The accuracy of the predictions was overall considered satisfactory with a rate of 0.98% for the recognition of figurative miniatures, 0.88% for text, 0.86% for decorations and 0.74% for illuminated initials. However, a particular criticality has been observed with musical scores printed after the 15th century which are not recognized as such, significantly impacting the number of labels assigned by the system, only 251 out of the exact 358.
The initial recognition tests on the layout elements gave us very encouraging results as accuracy levels higher than 80% are not often obtained with such small datasets. Our approach allows for a gradual and efficient labeling process and in this paper we stop at the end of the first step of the incremental learning cycle. In future work, we plan to progressively grow the annotated items' number to verify if similar results will be maintained also for the third larger group.
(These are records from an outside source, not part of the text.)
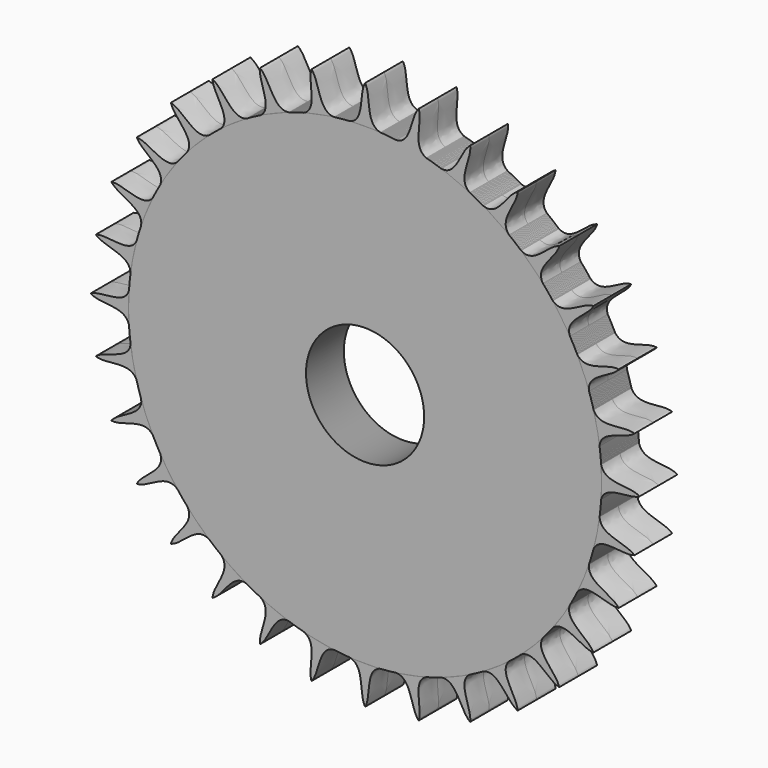
from build123d import *

# Parameters (mm, degrees)
F0_R     = 6.35
F1_DEPTH = 2.54
F2_COUNT = 32


with BuildPart() as f1:
    # F0 (on Front) → F1 (new body, symmetric)
    with BuildSketch(Plane.XZ):
        with BuildLine():
            add(Edge.make_bspline(
                [(-1.6565648674, 25.3459226078), (0, 25.7344954968), (-0.6848442595, 28.3242439591), (0, 29.4843787699)],
                knots=[0, 0, 0, 0, 4.4576929645, 4.4576929645, 4.4576929645, 4.4576929645], degree=3))
            ThreePointArc((-1.6565648674, 25.3459226078), (0, 25.4650093878), (1.6565648674, 25.3459226078))
            add(Edge.make_bspline(
                [(1.6565648674, 25.3459226078), (0, 25.7344954968), (0.6848442595, 28.3242439591), (0, 29.4843787699)],
                knots=[0, 0, 0, 0, 4.4576929645, 4.4576929645, 4.4576929645, 4.4576929645], degree=3))
        make_face()
        with BuildLine():
            ThreePointArc((1.6565648674, 25.3459226078), (0, 25.4650093878), (-1.6565648674, 25.3459226078))
            ThreePointArc((-1.6565648674, 25.3459226078), (0, 25.4), (1.6565648674, 25.3459226078))
        make_face()
        with BuildLine():
            ThreePointArc((1.6565648674, 25.3459226078), (0, 25.4), (-1.6565648674, 25.3459226078))
            ThreePointArc((-1.6565648674, 25.3459226078), (-17.3649539644, -18.5369461837), (25.4, 0))
            ThreePointArc((25.4, 0), (18.5369461837, 17.3649539644), (1.6565648674, 25.3459226078))
        make_face()
        Circle(F0_R, mode=Mode.SUBTRACT)
    extrude(amount=F1_DEPTH, both=True)


with BuildPart() as f2_1:
    # F2: instance of F1
    add(f1.part.rotate(Axis((0, 0, 0), (0, -1, 0)), 1 * 360 / F2_COUNT))


with BuildPart() as f2_2:
    # F2: instance of F1
    add(f1.part.rotate(Axis((0, 0, 0), (0, -1, 0)), 2 * 360 / F2_COUNT))


with BuildPart() as f2_3:
    # F2: instance of F1
    add(f1.part.rotate(Axis((0, 0, 0), (0, -1, 0)), 3 * 360 / F2_COUNT))


with BuildPart() as f2_4:
    # F2: instance of F1
    add(f1.part.rotate(Axis((0, 0, 0), (0, -1, 0)), 4 * 360 / F2_COUNT))


with BuildPart() as f2_5:
    # F2: instance of F1
    add(f1.part.rotate(Axis((0, 0, 0), (0, -1, 0)), 5 * 360 / F2_COUNT))


with BuildPart() as f2_6:
    # F2: instance of F1
    add(f1.part.rotate(Axis((0, 0, 0), (0, -1, 0)), 6 * 360 / F2_COUNT))


with BuildPart() as f2_7:
    # F2: instance of F1
    add(f1.part.rotate(Axis((0, 0, 0), (0, -1, 0)), 7 * 360 / F2_COUNT))


with BuildPart() as f2_8:
    # F2: instance of F1
    add(f1.part.rotate(Axis((0, 0, 0), (0, -1, 0)), 8 * 360 / F2_COUNT))


with BuildPart() as f2_9:
    # F2: instance of F1
    add(f1.part.rotate(Axis((0, 0, 0), (0, -1, 0)), 9 * 360 / F2_COUNT))


with BuildPart() as f2_10:
    # F2: instance of F1
    add(f1.part.rotate(Axis((0, 0, 0), (0, -1, 0)), 10 * 360 / F2_COUNT))


with BuildPart() as f2_11:
    # F2: instance of F1
    add(f1.part.rotate(Axis((0, 0, 0), (0, -1, 0)), 11 * 360 / F2_COUNT))


with BuildPart() as f2_12:
    # F2: instance of F1
    add(f1.part.rotate(Axis((0, 0, 0), (0, -1, 0)), 12 * 360 / F2_COUNT))


with BuildPart() as f2_13:
    # F2: instance of F1
    add(f1.part.rotate(Axis((0, 0, 0), (0, -1, 0)), 13 * 360 / F2_COUNT))


with BuildPart() as f2_14:
    # F2: instance of F1
    add(f1.part.rotate(Axis((0, 0, 0), (0, -1, 0)), 14 * 360 / F2_COUNT))


with BuildPart() as f2_15:
    # F2: instance of F1
    add(f1.part.rotate(Axis((0, 0, 0), (0, -1, 0)), 15 * 360 / F2_COUNT))


with BuildPart() as f2_16:
    # F2: instance of F1
    add(f1.part.rotate(Axis((0, 0, 0), (0, -1, 0)), 16 * 360 / F2_COUNT))


with BuildPart() as f2_17:
    # F2: instance of F1
    add(f1.part.rotate(Axis((0, 0, 0), (0, -1, 0)), 17 * 360 / F2_COUNT))


with BuildPart() as f2_18:
    # F2: instance of F1
    add(f1.part.rotate(Axis((0, 0, 0), (0, -1, 0)), 18 * 360 / F2_COUNT))


with BuildPart() as f2_19:
    # F2: instance of F1
    add(f1.part.rotate(Axis((0, 0, 0), (0, -1, 0)), 19 * 360 / F2_COUNT))


with BuildPart() as f2_20:
    # F2: instance of F1
    add(f1.part.rotate(Axis((0, 0, 0), (0, -1, 0)), 20 * 360 / F2_COUNT))


with BuildPart() as f2_21:
    # F2: instance of F1
    add(f1.part.rotate(Axis((0, 0, 0), (0, -1, 0)), 21 * 360 / F2_COUNT))


with BuildPart() as f2_22:
    # F2: instance of F1
    add(f1.part.rotate(Axis((0, 0, 0), (0, -1, 0)), 22 * 360 / F2_COUNT))


with BuildPart() as f2_23:
    # F2: instance of F1
    add(f1.part.rotate(Axis((0, 0, 0), (0, -1, 0)), 23 * 360 / F2_COUNT))


with BuildPart() as f2_24:
    # F2: instance of F1
    add(f1.part.rotate(Axis((0, 0, 0), (0, -1, 0)), 24 * 360 / F2_COUNT))


with BuildPart() as f2_25:
    # F2: instance of F1
    add(f1.part.rotate(Axis((0, 0, 0), (0, -1, 0)), 25 * 360 / F2_COUNT))


with BuildPart() as f2_26:
    # F2: instance of F1
    add(f1.part.rotate(Axis((0, 0, 0), (0, -1, 0)), 26 * 360 / F2_COUNT))


with BuildPart() as f2_27:
    # F2: instance of F1
    add(f1.part.rotate(Axis((0, 0, 0), (0, -1, 0)), 27 * 360 / F2_COUNT))


with BuildPart() as f2_28:
    # F2: instance of F1
    add(f1.part.rotate(Axis((0, 0, 0), (0, -1, 0)), 28 * 360 / F2_COUNT))


with BuildPart() as f2_29:
    # F2: instance of F1
    add(f1.part.rotate(Axis((0, 0, 0), (0, -1, 0)), 29 * 360 / F2_COUNT))


with BuildPart() as f2_30:
    # F2: instance of F1
    add(f1.part.rotate(Axis((0, 0, 0), (0, -1, 0)), 30 * 360 / F2_COUNT))


with BuildPart() as f2_31:
    # F2: instance of F1
    add(f1.part.rotate(Axis((0, 0, 0), (0, -1, 0)), 31 * 360 / F2_COUNT))


solid = Compound([f1.part, f2_1.part, f2_2.part, f2_3.part, f2_4.part, f2_5.part, f2_6.part, f2_7.part, f2_8.part, f2_9.part, f2_10.part, f2_11.part, f2_12.part, f2_13.part, f2_14.part, f2_15.part, f2_16.part, f2_17.part, f2_18.part, f2_19.part, f2_20.part, f2_21.part, f2_22.part, f2_23.part, f2_24.part, f2_25.part, f2_26.part, f2_27.part, f2_28.part, f2_29.part, f2_30.part, f2_31.part])

Once this phase is completed, a further step will be taken to improve the dataset with more complex label tasks such as instance semantic segmentation. Specifically, we will gradually move from image classification to the detection of specific components using the activation zones as a guide to automatically place boxes and then perform the semantic segmentation of any miniatures present.
The masks thus obtained will be used to enrich an interactive and immersive web3D system based on an open-source framework [25], that will be investigated in the upcoming stages of the research. This will give the user the possibility to inspect and query large amounts of pages in a 3D space, juxtapose similar images, and comparing them with art reproductions.
In doing so, we intend to demonstrate how, through the use of new technologies, figurative language can be used to structure narratives capable of making artifacts, originally prerogative of a few, available to all by freeing a delicate cultural property from its physical and conservative limits and exploiting iconography as an interpretative system that can be understood independently of the spoken language.